Extracted data entries
= = = = =

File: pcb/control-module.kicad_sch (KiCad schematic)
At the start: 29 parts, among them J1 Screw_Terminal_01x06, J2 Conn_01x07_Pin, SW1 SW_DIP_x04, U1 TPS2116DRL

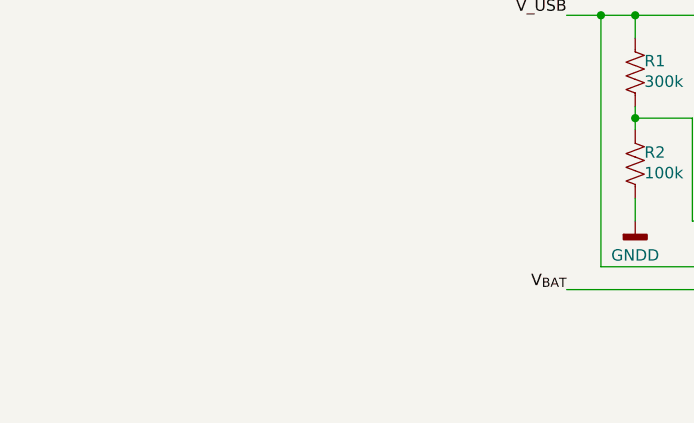
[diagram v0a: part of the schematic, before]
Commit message: Added GPS module in schematic hierarchy
Updated Schematic Hierarchy by adding a new GPS module sheet.
Imported Symbol and footprints for Ublox SAM M10Q GPS module from online source to KiCad Library.
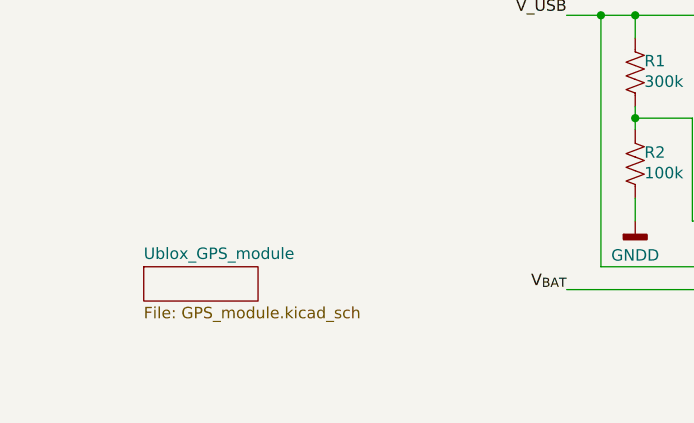
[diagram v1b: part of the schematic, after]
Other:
- added sheet Ublox_GPS_module (GPS_module.kicad_sch)
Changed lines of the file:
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@@
+		)
+	)
+	(sheet
+		(at 29.21 181.61)
+		(size 12.7 3.81)
+		(exclude_from_sim no)
+		(in_bom yes)
+		(on_board yes)
+		(dnp no)
+		(fields_autoplaced yes)
+		(stroke
+			(width 0.1524)
+			(type solid)
+		)
+		(fill
+			(color 0 0 0 0.0000)
+		)
+		(property "Sheetname" "Ublox_GPS_module"
+			(at 29.21 180.8984 0)
+			(effects
+				(font
+					(size 1.27 1.27)
+				)
+				(justify left bottom)
+			)
+		)
+		(property "Sheetfile" "GPS_module.kicad_sch"
+			(at 29.21 186.0046 0)
+			(effects
+				(font
+					(size 1.27 1.27)
+				)
+				(justify left top)
+			)
+		)
+		(instances
+			(project "control-module"
+				(path "/ba7b4294-8d75-4b9e-892f-fb52727887ec"
+					(page "10")
+				)
+			)
 		)
 	)

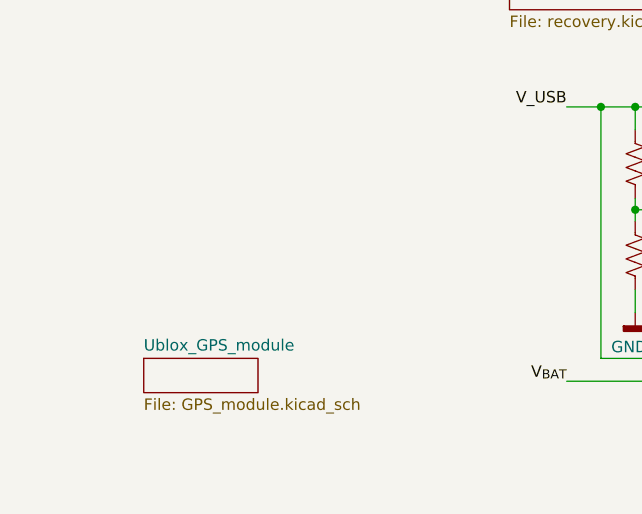
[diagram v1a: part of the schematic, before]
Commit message: Datasheet link attached to footprint
Added datasheet link to footprint and added GND traces.
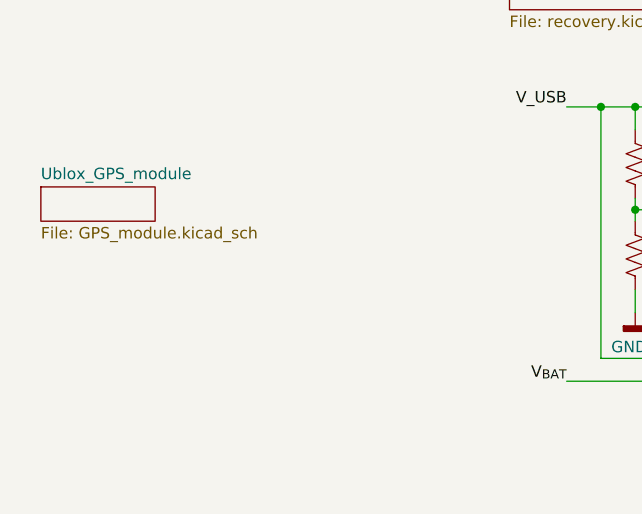
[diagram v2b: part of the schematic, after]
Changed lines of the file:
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@@
 	)
 	(sheet
-		(at 29.21 181.61)
+		(at 17.78 162.56)
 		(size 12.7 3.81)
 		(exclude_from_sim no)
@@
 		)
 		(property "Sheetname" "Ublox_GPS_module"
-			(at 29.21 180.8984 0)
+			(at 17.78 161.8484 0)
 			(effects
 				(font
@@
 		)
 		(property "Sheetfile" "GPS_module.kicad_sch"
-			(at 29.21 186.0046 0)
+			(at 17.78 166.9546 0)
 			(effects
 				(font

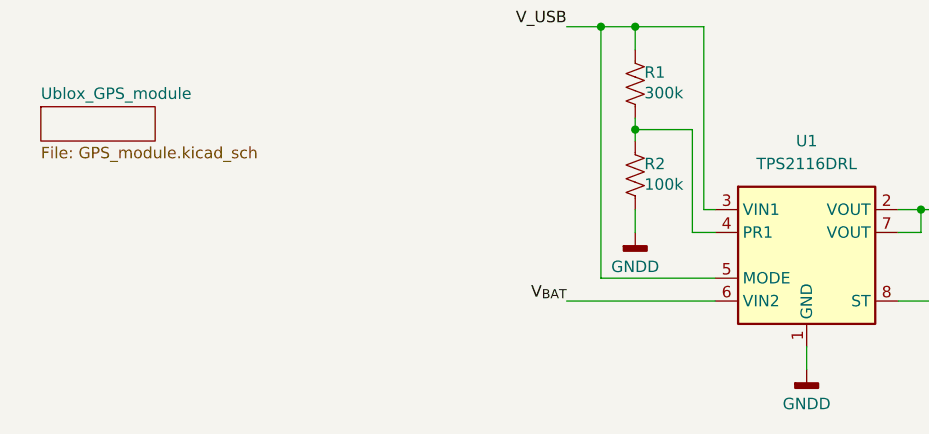
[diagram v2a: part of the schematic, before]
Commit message: transmitter value update
updated some values for transmitter
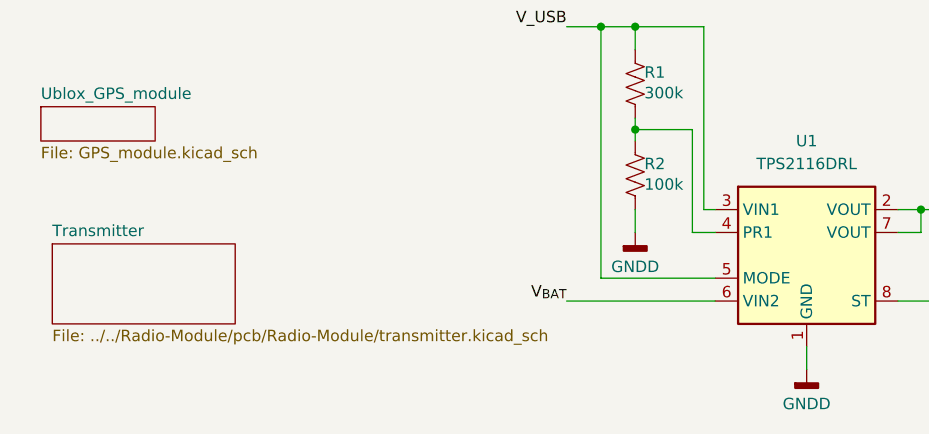
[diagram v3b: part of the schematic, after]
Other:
- added sheet Transmitter (../../Radio-Module/pcb/Radio-Module/transmitter.kicad_sch)
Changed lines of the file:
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@@
+	)
+	(sheet
+		(at 19.05 177.8)
+		(size 20.32 8.89)
+		(exclude_from_sim no)
+		(in_bom yes)
+		(on_board yes)
+		(dnp no)
+		(fields_autoplaced yes)
+		(stroke
+			(width 0.1524)
+			(type solid)
+		)
+		(fill
+			(color 0 0 0 0.0000)
+		)
+		(property "Sheetname" "Transmitter"
+			(at 19.05 177.0884 0)
+			(effects
+				(font
+					(size 1.27 1.27)
+				)
+				(justify left bottom)
+			)
+		)
+		(property "Sheetfile" "../../Radio-Module/pcb/Radio-Module/transmitter.kicad_sch"
+			(at 19.05 187.2746 0)
+			(effects
+				(font
+					(size 1.27 1.27)
+				)
+				(justify left top)
+			)
+		)
+		(instances
+			(project "control-module"
+				(path "/ba7b4294-8d75-4b9e-892f-fb52727887ec"
+					(page "11")
+				)
+			)
+		)
 	)
 	(sheet

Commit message: moved transmitter file
instead of linking transmitter file from local file, moved it into github tracked file
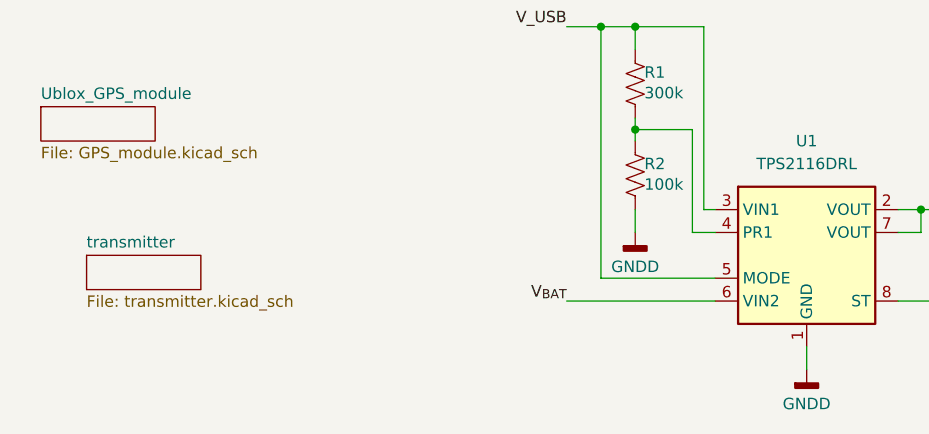
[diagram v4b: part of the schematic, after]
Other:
- removed sheet Transmitter
- added sheet transmitter (transmitter.kicad_sch)
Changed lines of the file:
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@@
 	)
 	(sheet
-		(at 19.05 177.8)
-		(size 20.32 8.89)
+		(at 22.86 179.07)
+		(size 12.7 3.81)
 		(exclude_from_sim no)
 		(in_bom yes)
@@
 			(color 0 0 0 0.0000)
 		)
-		(property "Sheetname" "Transmitter"
-			(at 19.05 177.0884 0)
+		(property "Sheetname" "transmitter"
+			(at 22.86 178.3584 0)
 			(effects
 				(font
@@
 			)
 		)
-		(property "Sheetfile" "../../Radio-Module/pcb/Radio-Module/transmitter.kicad_sch"
-			(at 19.05 187.2746 0)
+		(property "Sheetfile" "transmitter.kicad_sch"
+			(at 22.86 183.4646 0)
 			(effects
 				(font

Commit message: Test Push
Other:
- note added: "Current max board dimensions: 63.5mm x 63.5mm"
- note added: "Notes:"
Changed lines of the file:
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@@
 	)
 	(rectangle
+		(start 20.32 184.15)
+		(end 53.34 201.295)
+		(stroke
+			(width 0)
+			(type default)
+		)
+		(fill
+			(type none)
+		)
+	)
+	(rectangle
 		(start 224.79 132.715)
 		(end 250.19 165.1)
@@
 		)
 	)
+	(text "Notes:"
+		(exclude_from_sim no)
+		(at 23.622 183.134 0)
+		(effects
+			(font
+				(size 1.27 1.27)
+			)
+		)
+	)
 	(text "Divide battery voltage by four to\nfit in ADC range. Will by \nmultiplied by 4 in software."
 		(exclude_from_sim no)
@@
 		)
 	)
+	(text "Current max board dimensions: \n63.5mm x 63.5mm"
+		(exclude_from_sim no)
+		(at 20.828 187.198 0)
+		(effects
+			(font
+				(size 1.27 1.27)
+			)
+			(justify left)
+		)
+	)
 	(text "Only using\n1-bit now"
 		(exclude_from_sim no)
@@
 	)
 	(sheet
-		(at 22.86 179.07)
+		(at 16.51 157.48)
 		(size 12.7 3.81)
 		(exclude_from_sim no)
@@
 		)
 		(property "Sheetname" "transmitter"
-			(at 22.86 178.3584 0)
+			(at 16.51 156.7684 0)
 			(effects
 				(font
@@
 		)
 		(property "Sheetfile" "transmitter.kicad_sch"
-			(at 22.86 183.4646 0)
+			(at 16.51 161.8746 0)
 			(effects
 				(font
@@
 	)
 	(sheet
-		(at 17.78 162.56)
+		(at 16.51 147.32)
 		(size 12.7 3.81)
 		(exclude_from_sim no)
@@
 		)
 		(property "Sheetname" "Ublox_GPS_module"
-			(at 17.78 161.8484 0)
+			(at 16.51 146.6084 0)
 			(effects
 				(font
@@
 		)
 		(property "Sheetfile" "GPS_module.kicad_sch"
-			(at 17.78 166.9546 0)
+			(at 16.51 151.7146 0)
 			(effects
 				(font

= = = = =

▶ _Requirement_: In the copy, include every record exactly and no pictures.

▶ _Completed exercise_:
File: pcb/control-module.kicad_sch (KiCad schematic)
At the start: 29 parts, among them J1 Screw_Terminal_01x06, J2 Conn_01x07_Pin, SW1 SW_DIP_x04, U1 TPS2116DRL

[diagram v0a: part of the schematic, before]
Commit message: Added GPS module in schematic hierarchy
Updated Schematic Hierarchy by adding a new GPS module sheet.
Imported Symbol and footprints for Ublox SAM M10Q GPS module from online source to KiCad Library.
[diagram v1b: part of the schematic, after]
Other:
- added sheet Ublox_GPS_module (GPS_module.kicad_sch)
Changed lines of the file:
@@
+		)
+	)
+	(sheet
+		(at 29.21 181.61)
+		(size 12.7 3.81)
+		(exclude_from_sim no)
+		(in_bom yes)
+		(on_board yes)
+		(dnp no)
+		(fields_autoplaced yes)
+		(stroke
+			(width 0.1524)
+			(type solid)
+		)
+		(fill
+			(color 0 0 0 0.0000)
+		)
+		(property "Sheetname" "Ublox_GPS_module"
+			(at 29.21 180.8984 0)
+			(effects
+				(font
+					(size 1.27 1.27)
+				)
+				(justify left bottom)
+			)
+		)
+		(property "Sheetfile" "GPS_module.kicad_sch"
+			(at 29.21 186.0046 0)
+			(effects
+				(font
+					(size 1.27 1.27)
+				)
+				(justify left top)
+			)
+		)
+		(instances
+			(project "control-module"
+				(path "/ba7b4294-8d75-4b9e-892f-fb52727887ec"
+					(page "10")
+				)
+			)
 		)
 	)

[diagram v1a: part of the schematic, before]
Commit message: Datasheet link attached to footprint
Added datasheet link to footprint and added GND traces.
[diagram v2b: part of the schematic, after]
Changed lines of the file:
@@
 	)
 	(sheet
-		(at 29.21 181.61)
+		(at 17.78 162.56)
 		(size 12.7 3.81)
 		(exclude_from_sim no)
@@
 		)
 		(property "Sheetname" "Ublox_GPS_module"
-			(at 29.21 180.8984 0)
+			(at 17.78 161.8484 0)
 			(effects
 				(font
@@
 		)
 		(property "Sheetfile" "GPS_module.kicad_sch"
-			(at 29.21 186.0046 0)
+			(at 17.78 166.9546 0)
 			(effects
 				(font

[diagram v2a: part of the schematic, before]
Commit message: transmitter value update
updated some values for transmitter
[diagram v3b: part of the schematic, after]
Other:
- added sheet Transmitter (../../Radio-Module/pcb/Radio-Module/transmitter.kicad_sch)
Changed lines of the file:
@@
+	)
+	(sheet
+		(at 19.05 177.8)
+		(size 20.32 8.89)
+		(exclude_from_sim no)
+		(in_bom yes)
+		(on_board yes)
+		(dnp no)
+		(fields_autoplaced yes)
+		(stroke
+			(width 0.1524)
+			(type solid)
+		)
+		(fill
+			(color 0 0 0 0.0000)
+		)
+		(property "Sheetname" "Transmitter"
+			(at 19.05 177.0884 0)
+			(effects
+				(font
+					(size 1.27 1.27)
+				)
+				(justify left bottom)
+			)
+		)
+		(property "Sheetfile" "../../Radio-Module/pcb/Radio-Module/transmitter.kicad_sch"
+			(at 19.05 187.2746 0)
+			(effects
+				(font
+					(size 1.27 1.27)
+				)
+				(justify left top)
+			)
+		)
+		(instances
+			(project "control-module"
+				(path "/ba7b4294-8d75-4b9e-892f-fb52727887ec"
+					(page "11")
+				)
+			)
+		)
 	)
 	(sheet

Commit message: moved transmitter file
instead of linking transmitter file from local file, moved it into github tracked file
[diagram v4b: part of the schematic, after]
Other:
- removed sheet Transmitter
- added sheet transmitter (transmitter.kicad_sch)
Changed lines of the file:
@@
 	)
 	(sheet
-		(at 19.05 177.8)
-		(size 20.32 8.89)
+		(at 22.86 179.07)
+		(size 12.7 3.81)
 		(exclude_from_sim no)
 		(in_bom yes)
@@
 			(color 0 0 0 0.0000)
 		)
-		(property "Sheetname" "Transmitter"
-			(at 19.05 177.0884 0)
+		(property "Sheetname" "transmitter"
+			(at 22.86 178.3584 0)
 			(effects
 				(font
@@
 			)
 		)
-		(property "Sheetfile" "../../Radio-Module/pcb/Radio-Module/transmitter.kicad_sch"
-			(at 19.05 187.2746 0)
+		(property "Sheetfile" "transmitter.kicad_sch"
+			(at 22.86 183.4646 0)
 			(effects
 				(font

Commit message: Test Push
Other:
- note added: "Current max board dimensions: 63.5mm x 63.5mm"
- note added: "Notes:"
Changed lines of the file:
@@
 	)
 	(rectangle
+		(start 20.32 184.15)
+		(end 53.34 201.295)
+		(stroke
+			(width 0)
+			(type default)
+		)
+		(fill
+			(type none)
+		)
+	)
+	(rectangle
 		(start 224.79 132.715)
 		(end 250.19 165.1)
@@
 		)
 	)
+	(text "Notes:"
+		(exclude_from_sim no)
+		(at 23.622 183.134 0)
+		(effects
+			(font
+				(size 1.27 1.27)
+			)
+		)
+	)
 	(text "Divide battery voltage by four to\nfit in ADC range. Will by \nmultiplied by 4 in software."
 		(exclude_from_sim no)
@@
 		)
 	)
+	(text "Current max board dimensions: \n63.5mm x 63.5mm"
+		(exclude_from_sim no)
+		(at 20.828 187.198 0)
+		(effects
+			(font
+				(size 1.27 1.27)
+			)
+			(justify left)
+		)
+	)
 	(text "Only using\n1-bit now"
 		(exclude_from_sim no)
@@
 	)
 	(sheet
-		(at 22.86 179.07)
+		(at 16.51 157.48)
 		(size 12.7 3.81)
 		(exclude_from_sim no)
@@
 		)
 		(property "Sheetname" "transmitter"
-			(at 22.86 178.3584 0)
+			(at 16.51 156.7684 0)
 			(effects
 				(font
@@
 		)
 		(property "Sheetfile" "transmitter.kicad_sch"
-			(at 22.86 183.4646 0)
+			(at 16.51 161.8746 0)
 			(effects
 				(font
@@
 	)
 	(sheet
-		(at 17.78 162.56)
+		(at 16.51 147.32)
 		(size 12.7 3.81)
 		(exclude_from_sim no)
@@
 		)
 		(property "Sheetname" "Ublox_GPS_module"
-			(at 17.78 161.8484 0)
+			(at 16.51 146.6084 0)
 			(effects
 				(font
@@
 		)
 		(property "Sheetfile" "GPS_module.kicad_sch"
-			(at 17.78 166.9546 0)
+			(at 16.51 151.7146 0)
 			(effects
 				(font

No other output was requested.